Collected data
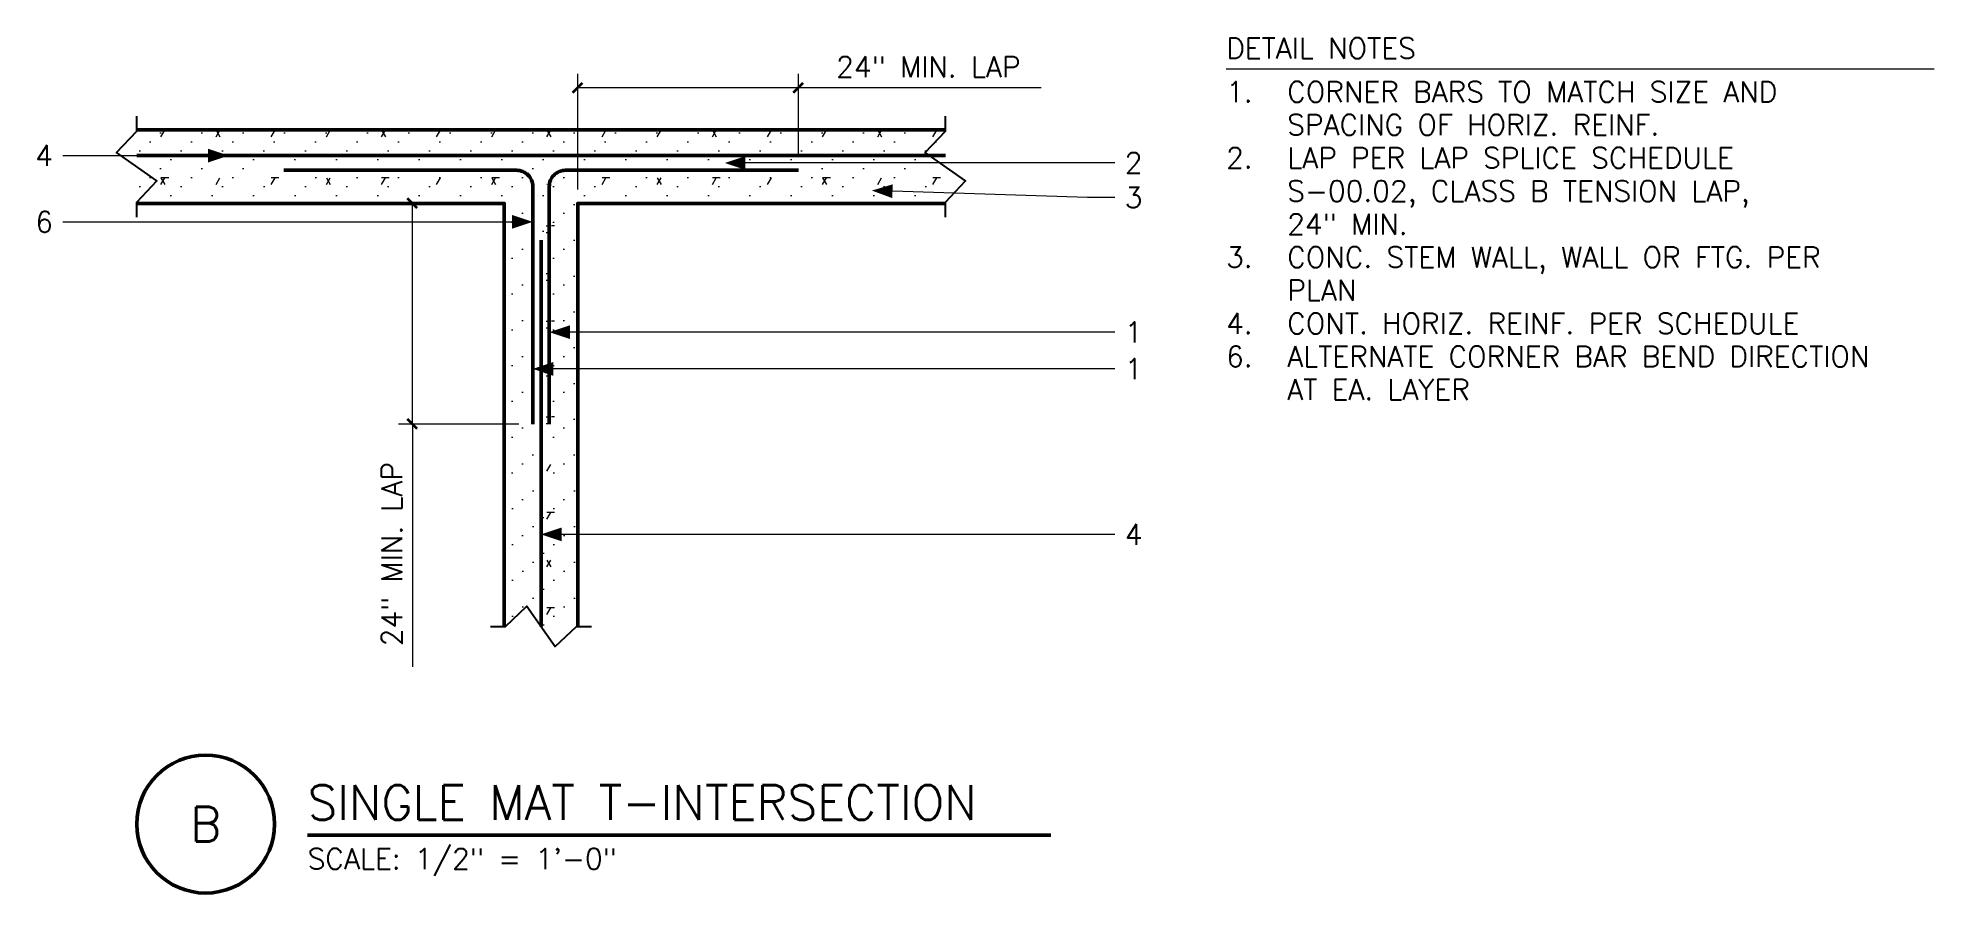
# Model space of a CAD drawing. Header units: inches. Extents: x 145 to 352, y -35 to 58.
import ezdxf
from ezdxf.enums import TextEntityAlignment as Align

# ---------------------------------------------------------------- set-up
doc = ezdxf.new("R2010")
doc.units = ezdxf.units.IN
doc.header["$MEASUREMENT"] = 0
for name, color, linetype, lineweight in [('S-ANNO-DIMS', 7, 'CONTINUOUS', 13), ('S-ANNO-NOTE', 7, 'CONTINUOUS', 18), ('S-ANNO-TTLB', 7, 'CONTINUOUS', 50), ('S-DETL-BRKL', 7, 'CONTINUOUS', 25), ('S-DETL-CUT', 7, 'CONTINUOUS', 50), ('S-DETL-PATT', 7, 'CONTINUOUS', 9), ('S-DETL-REBR', 7, 'CONTINUOUS', 50)]:
    doc.layers.add(name, color=color, linetype=linetype, lineweight=lineweight)
doc.styles.add('KERF', font='romans.shx')
pattern_1 = [(0, (0, 0), (2.2488, 1.9464), [0, -4.5]), (0, (1.128, 0.96), (2.2488, 1.9464), [0, -4.5]), (60, (2.64, 0.48), (6, 5.196), [0.84, -11.16]), (180, (3.48, 1.2), (6, 5.196), [0.84, -11.16]), (300, (2.64, 1.2), (6, 5.196), [0.84, -11.16])]

msp = doc.modelspace()

# ---------------------------------------------------------------- hatches: boundary and pattern name
at = {"layer": 'S-ANNO-NOTE', "lineweight": 50}
for points in [[(166, 45.2), (163.75, 45.95), (163.75, 44.45)], [(220, 44.4), (222.25, 43.65), (222.25, 45.15)], [(236, 41.4), (238.224876, 40.578461), (238.272824, 42.077694)], [(199.1, 38), (196.85, 38.75), (196.85, 37.25)], [(200.9, 26), (203.15, 25.25), (203.15, 26.75)], [(199.1, 22), (201.35, 21.25), (201.35, 22.75)], [(200, 4), (202.25, 3.25), (202.25, 4.75)]]:
    msp.add_hatch(color=256, dxfattribs=at).paths.add_polyline_path(points)
at = {"layer": 'S-DETL-PATT', "lineweight": 9}
h = msp.add_hatch(dxfattribs=at)
h.set_pattern_fill('KERF-CONC', color=256, style=0)
h.set_pattern_definition(pattern_1)
h.paths.add_polyline_path([(244, 45.45), (244, 48), (156, 48), (156, 45.45)])
h = msp.add_hatch(dxfattribs=at)
h.set_pattern_fill('KERF-CONC', color=256, style=0)
h.set_pattern_definition(pattern_1)
h.paths.add_polyline_path([(204, -6), (204, 40), (244, 40), (244, 44.95), (156, 44.95), (156, 40), (196, 40), (196, -6), (199.75, -6), (199.75, 36), (200.25, 36), (200.25, -6)])
h.paths.add_polyline_path([(197.35, 43.35), (172, 43.35), (172, 43.85), (197.35, 43.85), (197.611052, 43.83289), (197.867638, 43.781852), (198.115367, 43.697759), (198.35, 43.582051), (198.567523, 43.436707), (198.764214, 43.264214), (198.936707, 43.067523), (199.082051, 42.85), (199.197759, 42.615367), (199.281852, 42.367638), (199.33289, 42.111052), (199.35, 41.85), (199.35, 16), (198.85, 16), (198.85, 41.85), (198.831533, 42.084652), (198.776585, 42.313525), (198.68651, 42.530986), (198.563525, 42.731678), (198.41066, 42.91066), (198.231678, 43.063525), (198.030986, 43.18651), (197.813525, 43.276585), (197.584652, 43.331533)], flags=0)
h.paths.add_polyline_path([(202.65, 43.85), (228, 43.85), (228, 43.35), (202.65, 43.35), (202.415348, 43.331533), (202.186475, 43.276585), (201.969014, 43.18651), (201.768322, 43.063525), (201.58934, 42.91066), (201.436475, 42.731678), (201.31349, 42.530986), (201.223415, 42.313525), (201.168467, 42.084652), (201.15, 41.85), (201.15, 16), (200.65, 16), (200.65, 41.85), (200.66711, 42.111052), (200.718148, 42.367638), (200.802241, 42.615367), (200.917949, 42.85), (201.063293, 43.067523), (201.235786, 43.264214), (201.432477, 43.436707), (201.65, 43.582051), (201.884633, 43.697759), (202.132362, 43.781852), (202.388948, 43.83289)], flags=0)

# ---------------------------------------------------------------- linework, layer by layer
at = {"layer": 'S-ANNO-DIMS', "lineweight": 13}
for points in [[(204, 41.5), (204, 54.1)], [(228, 45.1), (228, 54.1)], [(204, 52.6), (228, 52.6)], [(228, 52.6), (254.410714, 52.6)], [(194.5, 40), (184.5, 40)], [(186, 16), (186, 40)], [(197.6, 16), (184.5, 16)], [(186, 16), (186, -10.410714)]]:
    msp.add_lwpolyline(points, dxfattribs=at)
at = {"layer": 'S-ANNO-NOTE', "lineweight": 18}
for points in [[(274.553571, 54.625), (351.589286, 54.625)], [(147.96, 45.2), (150.96, 45.2), (163.75, 45.2)], [(262.450714, 44.4), (259.450714, 44.4), (222.25, 44.4)], [(262.450714, 40.65), (259.450714, 40.65), (238.24885, 41.328077)], [(147.96, 38), (150.96, 38), (196.85, 38)], [(262.450714, 26), (259.450714, 26), (203.15, 26)], [(262.450714, 22), (259.450714, 22), (201.35, 22)], [(262.450714, 4), (259.450714, 4), (202.25, 4)]]:
    msp.add_lwpolyline(points, dxfattribs=at)
at = {"layer": 'S-ANNO-TTLB', "lineweight": 50}
msp.add_lwpolyline([(156, -27.510714, 1), (171, -27.510714, 1)], format="xyb", close=True, dxfattribs=at)
msp.add_lwpolyline([(174.6, -28.710714), (255.492857, -28.710714)], dxfattribs=at)
at = {"layer": 'S-DETL-BRKL', "lineweight": 25}
for points in [[(156, 38.5), (156, 40.15), (158.2, 42.46), (153.8, 45.54), (156, 47.85), (156, 49.5)], [(244, 38.5), (244, 40.15), (246.2, 42.46), (241.8, 45.54), (244, 47.85), (244, 49.5)], [(194.5, -6), (196.15, -6), (198.46, -3.8), (201.54, -8.2), (203.85, -6), (205.5, -6)]]:
    msp.add_lwpolyline(points, dxfattribs=at)
at = {"layer": 'S-DETL-CUT', "lineweight": 35}
for points in [[(203.46967, 52.06967), (204.53033, 53.13033)], [(227.46967, 52.06967), (228.53033, 53.13033)], [(186.53033, 39.46967), (185.46967, 40.53033)], [(186.53033, 15.46967), (185.46967, 16.53033)]]:
    msp.add_lwpolyline(points, dxfattribs=at)
at = {"layer": 'S-DETL-CUT', "lineweight": 50}
for points in [[(244, 48), (156, 48)], [(156, 40), (196, 40), (196, -6)], [(204, -6), (204, 40), (244, 40)]]:
    msp.add_lwpolyline(points, dxfattribs=at)
at = {"layer": 'S-DETL-REBR', "lineweight": 50}
for points in [[(156, 45.2), (244, 45.2)], [(200, -6), (200, 36)]]:
    msp.add_lwpolyline(points, dxfattribs=at)
for points in [[(172, 43.6), (197.35, 43.6, -0.414214), (199.1, 41.85), (199.1, 16)], [(228, 43.6), (202.65, 43.6, 0.414214), (200.9, 41.85), (200.9, 16)]]:
    msp.add_lwpolyline(points, format="xyb", dxfattribs=at)

# ---------------------------------------------------------------- texts
at = {"layer": 'S-ANNO-DIMS', "lineweight": 13, "style": 'KERF'}
msp.add_text('24" MIN. LAP', height=2.25, dxfattribs=at).set_placement((242.142857, 53.725), align=Align.CENTER)
msp.add_text('24" MIN. LAP', height=2.25, rotation=90, dxfattribs=at).set_placement((184.875, 1.857143), align=Align.CENTER)
at = {"layer": 'S-ANNO-NOTE', "lineweight": 18, "style": 'KERF'}
for s, p in [('DETAIL NOTES', (274.553571, 55.75)), ('1.', (274.553571, 51.025)), ('CORNER BARS TO MATCH SIZE AND', (281.196429, 51.025)), ('SPACING OF HORIZ. REINF.', (281.196429, 47.425)), ('2.', (274.553571, 43.825)), ('LAP PER LAP SPLICE SCHEDULE', (281.196429, 43.825)), ('S-00.02, CLASS B TENSION LAP,', (281.196429, 40.225)), ('24" MIN.', (281.196429, 36.625)), ('3.', (274.553571, 33.025)), ('CONC. STEM WALL, WALL OR FTG. PER', (281.196429, 33.025)), ('PLAN', (281.196429, 29.425)), ('4.', (274.553571, 25.825)), ('CONT. HORIZ. REINF. PER SCHEDULE', (281.196429, 25.825)), ('6.', (274.553571, 22.225)), ('ALTERNATE CORNER BAR BEND DIRECTION', (281.196429, 22.225)), ('AT EA. LAYER', (281.196429, 18.625))]:
    msp.add_text(s, height=2.25, dxfattribs=at).set_placement(p)
for s, p in [('4', (145.928571, 45.2)), ('2', (264.482143, 44.4)), ('3', (264.482143, 40.65)), ('6', (145.928571, 38)), ('1', (264.482143, 26)), ('1', (264.482143, 22)), ('4', (264.482143, 4))]:
    msp.add_text(s, height=2.25, dxfattribs=at).set_placement(p, align=Align.MIDDLE_CENTER)
at = {"layer": 'S-ANNO-TTLB', "lineweight": 50, "style": 'KERF'}
msp.add_text('SINGLE MAT T-INTERSECTION', height=3.75, dxfattribs=at).set_placement((174.6, -27.030714))
msp.add_text('B', height=3.75, dxfattribs=at).set_placement((163.5, -27.510714), align=Align.MIDDLE_CENTER)
at = {"layer": 'S-ANNO-TTLB', "lineweight": 18, "style": 'KERF'}
msp.add_text('SCALE: 1/2" = 1\'-0"', height=2.25, dxfattribs=at).set_placement((174.6, -32.400714))

doc.saveas('drawing.dxf')

* **WORK ORDER**
Look through the data above and report every line in which "flags" appears.

* **ANSWER AREA**
h.paths.add_polyline_path([(197.35, 43.35), (172, 43.35), (172, 43.85), (197.35, 43.85), (197.611052, 43.83289), (197.867638, 43.781852), (198.115367, 43.697759), (198.35, 43.582051), (198.567523, 43.436707), (198.764214, 43.264214), (198.936707, 43.067523), (199.082051, 42.85), (199.197759, 42.615367), (199.281852, 42.367638), (199.33289, 42.111052), (199.35, 41.85), (199.35, 16), (198.85, 16), (198.85, 41.85), (198.831533, 42.084652), (198.776585, 42.313525), (198.68651, 42.530986), (198.563525, 42.731678), (198.41066, 42.91066), (198.231678, 43.063525), (198.030986, 43.18651), (197.813525, 43.276585), (197.584652, 43.331533)], flags=0)
h.paths.add_polyline_path([(202.65, 43.85), (228, 43.85), (228, 43.35), (202.65, 43.35), (202.415348, 43.331533), (202.186475, 43.276585), (201.969014, 43.18651), (201.768322, 43.063525), (201.58934, 42.91066), (201.436475, 42.731678), (201.31349, 42.530986), (201.223415, 42.313525), (201.168467, 42.084652), (201.15, 41.85), (201.15, 16), (200.65, 16), (200.65, 41.85), (200.66711, 42.111052), (200.718148, 42.367638), (200.802241, 42.615367), (200.917949, 42.85), (201.063293, 43.067523), (201.235786, 43.264214), (201.432477, 43.436707), (201.65, 43.582051), (201.884633, 43.697759), (202.132362, 43.781852), (202.388948, 43.83289)], flags=0)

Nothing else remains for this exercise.